TASK DIRECTIONS: Tally the lines below that include the string "rotation". Reply with the total only.

GIVEN ENTRIES:
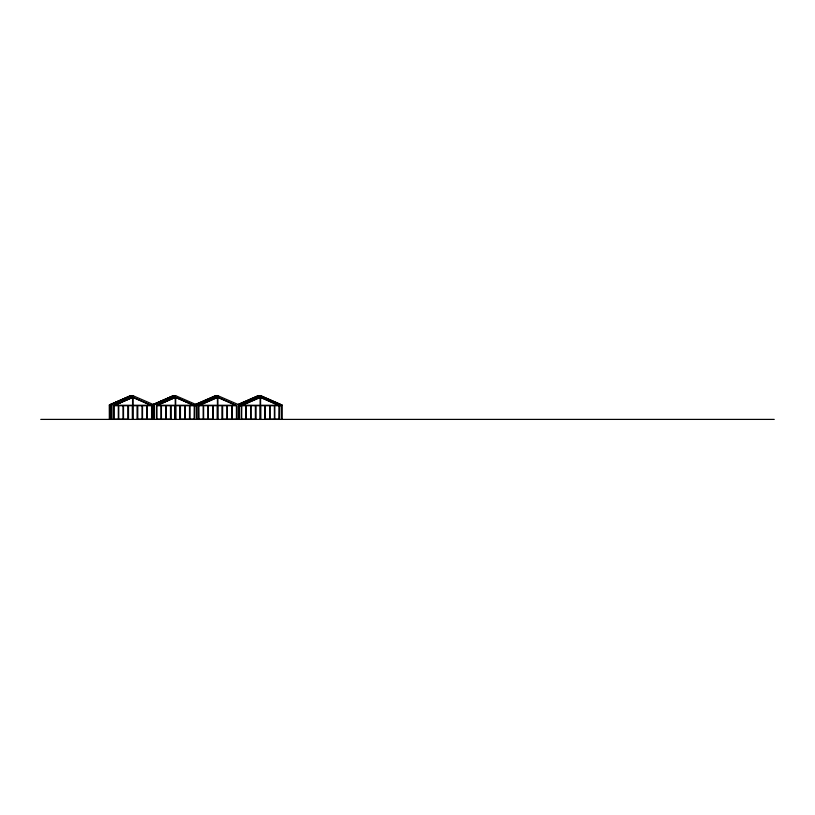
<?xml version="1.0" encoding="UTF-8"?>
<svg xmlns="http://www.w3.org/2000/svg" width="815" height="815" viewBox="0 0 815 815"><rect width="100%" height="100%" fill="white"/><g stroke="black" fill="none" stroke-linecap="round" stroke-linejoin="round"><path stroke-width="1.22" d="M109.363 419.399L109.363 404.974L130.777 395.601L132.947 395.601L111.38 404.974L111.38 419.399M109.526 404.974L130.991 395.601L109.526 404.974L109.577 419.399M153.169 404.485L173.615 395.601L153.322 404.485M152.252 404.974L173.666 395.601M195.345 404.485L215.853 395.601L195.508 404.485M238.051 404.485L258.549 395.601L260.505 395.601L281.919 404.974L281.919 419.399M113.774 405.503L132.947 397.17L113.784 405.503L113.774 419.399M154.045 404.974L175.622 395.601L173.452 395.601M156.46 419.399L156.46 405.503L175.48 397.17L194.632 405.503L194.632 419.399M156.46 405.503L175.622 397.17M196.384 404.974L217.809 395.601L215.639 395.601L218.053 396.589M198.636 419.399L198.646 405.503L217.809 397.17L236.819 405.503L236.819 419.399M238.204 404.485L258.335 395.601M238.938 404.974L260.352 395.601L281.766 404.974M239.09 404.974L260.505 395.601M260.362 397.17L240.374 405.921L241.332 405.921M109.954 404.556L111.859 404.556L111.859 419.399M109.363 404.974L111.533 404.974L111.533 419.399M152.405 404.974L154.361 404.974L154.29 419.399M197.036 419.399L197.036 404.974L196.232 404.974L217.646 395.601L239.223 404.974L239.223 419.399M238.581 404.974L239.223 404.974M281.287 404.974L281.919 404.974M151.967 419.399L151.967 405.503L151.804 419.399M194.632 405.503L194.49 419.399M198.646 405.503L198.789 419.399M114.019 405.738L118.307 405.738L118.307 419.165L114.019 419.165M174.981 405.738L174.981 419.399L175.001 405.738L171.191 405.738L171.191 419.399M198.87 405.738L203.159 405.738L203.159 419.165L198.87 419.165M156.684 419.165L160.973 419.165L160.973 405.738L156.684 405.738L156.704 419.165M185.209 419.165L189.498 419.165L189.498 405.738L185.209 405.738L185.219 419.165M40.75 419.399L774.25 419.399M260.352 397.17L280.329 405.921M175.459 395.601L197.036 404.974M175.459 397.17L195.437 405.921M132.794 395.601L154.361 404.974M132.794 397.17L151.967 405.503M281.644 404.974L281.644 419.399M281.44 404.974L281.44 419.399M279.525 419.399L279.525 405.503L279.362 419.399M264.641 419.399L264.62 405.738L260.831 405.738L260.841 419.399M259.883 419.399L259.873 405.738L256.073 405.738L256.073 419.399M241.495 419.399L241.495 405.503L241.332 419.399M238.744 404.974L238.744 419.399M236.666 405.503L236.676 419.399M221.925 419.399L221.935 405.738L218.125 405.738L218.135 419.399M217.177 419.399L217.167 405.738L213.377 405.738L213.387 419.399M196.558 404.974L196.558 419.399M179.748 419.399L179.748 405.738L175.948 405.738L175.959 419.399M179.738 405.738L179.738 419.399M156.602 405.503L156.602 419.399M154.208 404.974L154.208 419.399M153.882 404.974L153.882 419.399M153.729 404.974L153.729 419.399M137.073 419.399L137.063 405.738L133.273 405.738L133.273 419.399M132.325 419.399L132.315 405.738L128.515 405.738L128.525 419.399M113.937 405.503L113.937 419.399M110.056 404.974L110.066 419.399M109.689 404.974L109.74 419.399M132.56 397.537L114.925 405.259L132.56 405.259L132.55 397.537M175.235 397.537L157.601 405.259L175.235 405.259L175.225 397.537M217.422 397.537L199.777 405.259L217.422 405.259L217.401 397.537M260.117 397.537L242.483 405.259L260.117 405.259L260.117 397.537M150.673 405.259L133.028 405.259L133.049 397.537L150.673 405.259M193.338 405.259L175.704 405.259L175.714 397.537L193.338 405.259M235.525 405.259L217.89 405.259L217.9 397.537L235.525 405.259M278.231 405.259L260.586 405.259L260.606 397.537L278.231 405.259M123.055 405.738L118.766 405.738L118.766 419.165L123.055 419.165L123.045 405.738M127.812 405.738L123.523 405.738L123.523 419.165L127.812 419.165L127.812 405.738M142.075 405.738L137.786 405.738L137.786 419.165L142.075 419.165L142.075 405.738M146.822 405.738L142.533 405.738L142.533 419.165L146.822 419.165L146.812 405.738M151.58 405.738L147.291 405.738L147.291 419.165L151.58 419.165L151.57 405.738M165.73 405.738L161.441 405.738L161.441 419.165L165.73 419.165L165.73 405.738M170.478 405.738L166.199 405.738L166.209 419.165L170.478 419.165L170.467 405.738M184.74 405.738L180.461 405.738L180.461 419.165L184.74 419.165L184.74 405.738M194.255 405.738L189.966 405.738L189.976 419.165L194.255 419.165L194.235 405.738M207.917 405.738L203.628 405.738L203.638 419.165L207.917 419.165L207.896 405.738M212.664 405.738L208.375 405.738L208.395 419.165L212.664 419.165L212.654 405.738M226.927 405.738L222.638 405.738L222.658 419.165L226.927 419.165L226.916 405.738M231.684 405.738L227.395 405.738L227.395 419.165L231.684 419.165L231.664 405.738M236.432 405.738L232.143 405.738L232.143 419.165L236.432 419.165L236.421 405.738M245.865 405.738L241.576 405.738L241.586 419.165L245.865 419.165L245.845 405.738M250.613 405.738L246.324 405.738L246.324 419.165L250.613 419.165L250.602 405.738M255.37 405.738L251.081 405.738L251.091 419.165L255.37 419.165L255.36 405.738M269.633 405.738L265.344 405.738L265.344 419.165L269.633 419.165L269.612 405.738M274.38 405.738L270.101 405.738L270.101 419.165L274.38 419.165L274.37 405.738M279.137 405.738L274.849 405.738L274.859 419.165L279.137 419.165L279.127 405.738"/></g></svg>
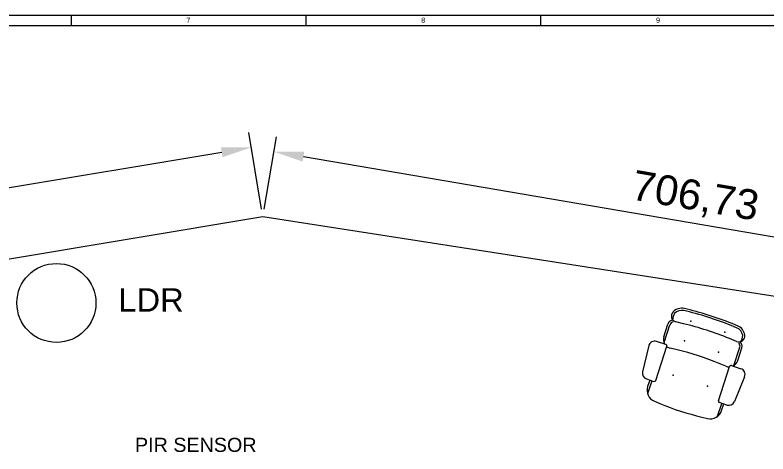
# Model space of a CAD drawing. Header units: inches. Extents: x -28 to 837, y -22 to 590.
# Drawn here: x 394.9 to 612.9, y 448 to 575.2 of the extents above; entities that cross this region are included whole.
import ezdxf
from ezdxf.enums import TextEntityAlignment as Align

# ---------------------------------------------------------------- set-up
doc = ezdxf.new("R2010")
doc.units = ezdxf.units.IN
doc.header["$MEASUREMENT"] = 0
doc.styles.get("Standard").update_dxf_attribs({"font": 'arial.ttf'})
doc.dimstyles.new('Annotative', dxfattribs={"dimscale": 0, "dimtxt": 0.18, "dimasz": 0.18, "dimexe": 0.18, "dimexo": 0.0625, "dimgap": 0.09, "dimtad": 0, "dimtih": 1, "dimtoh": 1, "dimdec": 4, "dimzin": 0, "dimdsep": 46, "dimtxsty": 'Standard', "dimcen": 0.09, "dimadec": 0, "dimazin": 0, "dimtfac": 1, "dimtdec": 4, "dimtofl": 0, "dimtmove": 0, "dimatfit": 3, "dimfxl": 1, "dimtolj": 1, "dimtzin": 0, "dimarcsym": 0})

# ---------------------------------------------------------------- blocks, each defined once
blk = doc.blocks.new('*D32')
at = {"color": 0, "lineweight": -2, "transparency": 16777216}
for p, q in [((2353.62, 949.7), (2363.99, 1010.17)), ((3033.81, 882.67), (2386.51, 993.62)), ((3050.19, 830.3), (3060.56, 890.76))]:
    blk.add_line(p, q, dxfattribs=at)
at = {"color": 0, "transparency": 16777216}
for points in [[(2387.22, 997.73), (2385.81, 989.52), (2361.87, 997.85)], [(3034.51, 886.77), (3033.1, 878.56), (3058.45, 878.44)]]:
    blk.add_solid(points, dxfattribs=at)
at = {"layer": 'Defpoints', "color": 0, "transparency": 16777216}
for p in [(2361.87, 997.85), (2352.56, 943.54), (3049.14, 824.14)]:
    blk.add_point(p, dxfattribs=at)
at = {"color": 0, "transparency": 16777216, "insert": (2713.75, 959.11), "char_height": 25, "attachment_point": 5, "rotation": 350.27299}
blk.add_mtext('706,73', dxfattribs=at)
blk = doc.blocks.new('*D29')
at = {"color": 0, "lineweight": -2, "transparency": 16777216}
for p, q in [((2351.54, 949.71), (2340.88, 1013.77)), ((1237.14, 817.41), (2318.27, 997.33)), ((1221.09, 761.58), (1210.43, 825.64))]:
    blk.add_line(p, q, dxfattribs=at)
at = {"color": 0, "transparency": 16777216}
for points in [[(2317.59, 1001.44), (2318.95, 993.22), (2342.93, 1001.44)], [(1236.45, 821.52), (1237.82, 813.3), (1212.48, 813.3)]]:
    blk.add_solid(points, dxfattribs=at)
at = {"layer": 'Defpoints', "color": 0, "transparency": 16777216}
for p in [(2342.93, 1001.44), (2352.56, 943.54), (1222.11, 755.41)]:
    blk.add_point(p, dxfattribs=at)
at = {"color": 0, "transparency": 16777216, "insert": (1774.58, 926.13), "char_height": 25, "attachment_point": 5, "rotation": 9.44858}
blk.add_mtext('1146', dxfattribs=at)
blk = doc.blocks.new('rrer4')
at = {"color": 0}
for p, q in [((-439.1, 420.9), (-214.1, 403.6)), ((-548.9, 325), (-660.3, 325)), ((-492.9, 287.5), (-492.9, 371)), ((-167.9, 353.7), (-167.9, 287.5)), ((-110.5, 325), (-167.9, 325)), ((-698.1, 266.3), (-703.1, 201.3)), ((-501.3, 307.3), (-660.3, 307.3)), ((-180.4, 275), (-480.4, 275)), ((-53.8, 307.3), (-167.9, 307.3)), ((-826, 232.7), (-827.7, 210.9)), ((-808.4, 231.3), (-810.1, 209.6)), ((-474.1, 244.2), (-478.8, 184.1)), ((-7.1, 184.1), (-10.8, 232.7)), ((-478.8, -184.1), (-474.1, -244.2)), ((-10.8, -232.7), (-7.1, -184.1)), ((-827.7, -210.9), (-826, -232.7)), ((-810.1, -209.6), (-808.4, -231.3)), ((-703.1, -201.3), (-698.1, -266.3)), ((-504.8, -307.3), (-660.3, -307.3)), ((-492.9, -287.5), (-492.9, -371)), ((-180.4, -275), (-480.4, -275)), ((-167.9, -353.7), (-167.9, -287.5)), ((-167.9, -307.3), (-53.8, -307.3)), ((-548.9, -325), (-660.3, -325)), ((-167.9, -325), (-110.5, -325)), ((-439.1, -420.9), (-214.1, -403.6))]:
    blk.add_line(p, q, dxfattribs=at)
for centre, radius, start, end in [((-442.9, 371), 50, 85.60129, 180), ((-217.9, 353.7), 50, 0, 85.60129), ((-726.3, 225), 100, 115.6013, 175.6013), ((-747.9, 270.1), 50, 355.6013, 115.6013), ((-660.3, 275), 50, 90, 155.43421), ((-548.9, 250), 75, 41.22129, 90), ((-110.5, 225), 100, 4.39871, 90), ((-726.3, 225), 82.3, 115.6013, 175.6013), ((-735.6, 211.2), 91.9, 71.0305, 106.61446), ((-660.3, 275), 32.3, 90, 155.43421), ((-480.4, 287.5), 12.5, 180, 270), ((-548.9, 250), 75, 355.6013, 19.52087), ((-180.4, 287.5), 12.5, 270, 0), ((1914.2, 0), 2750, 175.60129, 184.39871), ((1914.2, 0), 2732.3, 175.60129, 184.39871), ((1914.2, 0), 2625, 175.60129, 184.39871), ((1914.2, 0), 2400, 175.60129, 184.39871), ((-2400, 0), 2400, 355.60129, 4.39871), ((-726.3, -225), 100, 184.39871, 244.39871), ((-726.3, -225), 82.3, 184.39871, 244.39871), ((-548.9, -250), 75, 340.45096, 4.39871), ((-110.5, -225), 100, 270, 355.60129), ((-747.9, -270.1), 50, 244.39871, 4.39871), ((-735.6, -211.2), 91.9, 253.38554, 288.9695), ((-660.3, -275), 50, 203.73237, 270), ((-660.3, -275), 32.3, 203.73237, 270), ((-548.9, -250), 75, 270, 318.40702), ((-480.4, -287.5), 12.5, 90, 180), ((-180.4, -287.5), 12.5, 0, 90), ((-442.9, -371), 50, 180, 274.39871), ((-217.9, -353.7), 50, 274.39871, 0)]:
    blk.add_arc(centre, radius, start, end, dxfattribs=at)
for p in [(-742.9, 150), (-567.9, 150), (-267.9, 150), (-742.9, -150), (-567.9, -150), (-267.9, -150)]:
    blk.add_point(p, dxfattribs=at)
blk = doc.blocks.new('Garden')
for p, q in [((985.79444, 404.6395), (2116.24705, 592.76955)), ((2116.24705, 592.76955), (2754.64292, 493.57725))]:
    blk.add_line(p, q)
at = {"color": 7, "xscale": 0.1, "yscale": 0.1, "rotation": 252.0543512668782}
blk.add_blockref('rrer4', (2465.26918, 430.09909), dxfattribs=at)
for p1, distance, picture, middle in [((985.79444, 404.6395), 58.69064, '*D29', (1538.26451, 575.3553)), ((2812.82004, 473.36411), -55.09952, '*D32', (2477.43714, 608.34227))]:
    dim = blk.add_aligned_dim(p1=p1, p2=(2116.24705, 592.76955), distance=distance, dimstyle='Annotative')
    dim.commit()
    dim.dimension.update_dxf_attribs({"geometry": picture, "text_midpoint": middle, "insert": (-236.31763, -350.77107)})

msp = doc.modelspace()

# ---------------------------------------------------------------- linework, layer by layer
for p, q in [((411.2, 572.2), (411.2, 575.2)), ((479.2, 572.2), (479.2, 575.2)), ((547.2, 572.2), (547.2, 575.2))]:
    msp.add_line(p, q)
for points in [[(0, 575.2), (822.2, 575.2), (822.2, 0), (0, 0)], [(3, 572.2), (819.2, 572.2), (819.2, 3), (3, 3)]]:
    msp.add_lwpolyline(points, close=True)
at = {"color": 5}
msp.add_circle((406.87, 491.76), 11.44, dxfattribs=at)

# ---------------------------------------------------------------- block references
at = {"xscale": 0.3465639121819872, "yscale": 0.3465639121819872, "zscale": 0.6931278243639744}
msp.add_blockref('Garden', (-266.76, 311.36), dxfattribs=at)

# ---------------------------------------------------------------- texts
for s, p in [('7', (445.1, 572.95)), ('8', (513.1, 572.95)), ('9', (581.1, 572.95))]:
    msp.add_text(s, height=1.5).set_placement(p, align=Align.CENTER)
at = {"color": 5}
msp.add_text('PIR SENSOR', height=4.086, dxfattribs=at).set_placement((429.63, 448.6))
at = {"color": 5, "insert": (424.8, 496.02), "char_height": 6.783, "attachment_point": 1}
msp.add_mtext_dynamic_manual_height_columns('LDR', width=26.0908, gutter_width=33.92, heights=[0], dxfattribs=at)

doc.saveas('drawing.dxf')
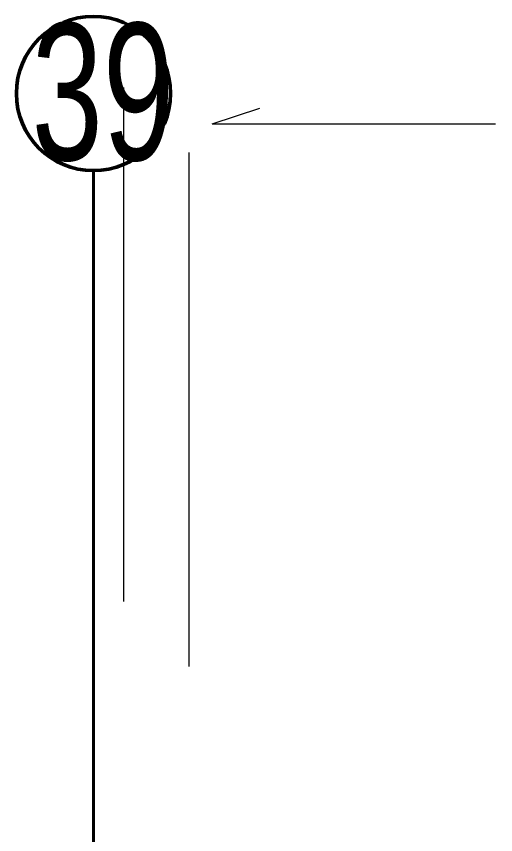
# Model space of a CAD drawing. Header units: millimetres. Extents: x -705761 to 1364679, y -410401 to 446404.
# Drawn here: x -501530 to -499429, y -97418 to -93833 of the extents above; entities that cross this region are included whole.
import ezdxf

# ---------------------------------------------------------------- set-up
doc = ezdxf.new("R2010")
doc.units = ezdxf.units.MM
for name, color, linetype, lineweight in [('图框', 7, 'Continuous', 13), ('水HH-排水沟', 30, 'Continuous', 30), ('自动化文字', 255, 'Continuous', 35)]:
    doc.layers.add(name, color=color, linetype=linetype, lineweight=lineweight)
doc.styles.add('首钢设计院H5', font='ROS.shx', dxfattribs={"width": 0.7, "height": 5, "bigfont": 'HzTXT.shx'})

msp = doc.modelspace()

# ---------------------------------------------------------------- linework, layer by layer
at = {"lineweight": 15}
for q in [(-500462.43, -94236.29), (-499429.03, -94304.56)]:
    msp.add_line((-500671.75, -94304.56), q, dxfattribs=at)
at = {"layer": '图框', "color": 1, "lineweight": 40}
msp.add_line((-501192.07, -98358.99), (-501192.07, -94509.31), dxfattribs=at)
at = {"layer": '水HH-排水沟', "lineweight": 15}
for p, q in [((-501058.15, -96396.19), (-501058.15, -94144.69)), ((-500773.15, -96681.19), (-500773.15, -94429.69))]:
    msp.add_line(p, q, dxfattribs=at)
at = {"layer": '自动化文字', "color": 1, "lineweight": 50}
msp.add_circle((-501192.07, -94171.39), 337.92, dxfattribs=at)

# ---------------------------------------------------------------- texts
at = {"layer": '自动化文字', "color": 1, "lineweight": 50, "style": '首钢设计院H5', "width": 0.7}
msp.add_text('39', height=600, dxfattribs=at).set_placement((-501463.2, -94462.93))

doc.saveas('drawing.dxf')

FINISHED TASK: 3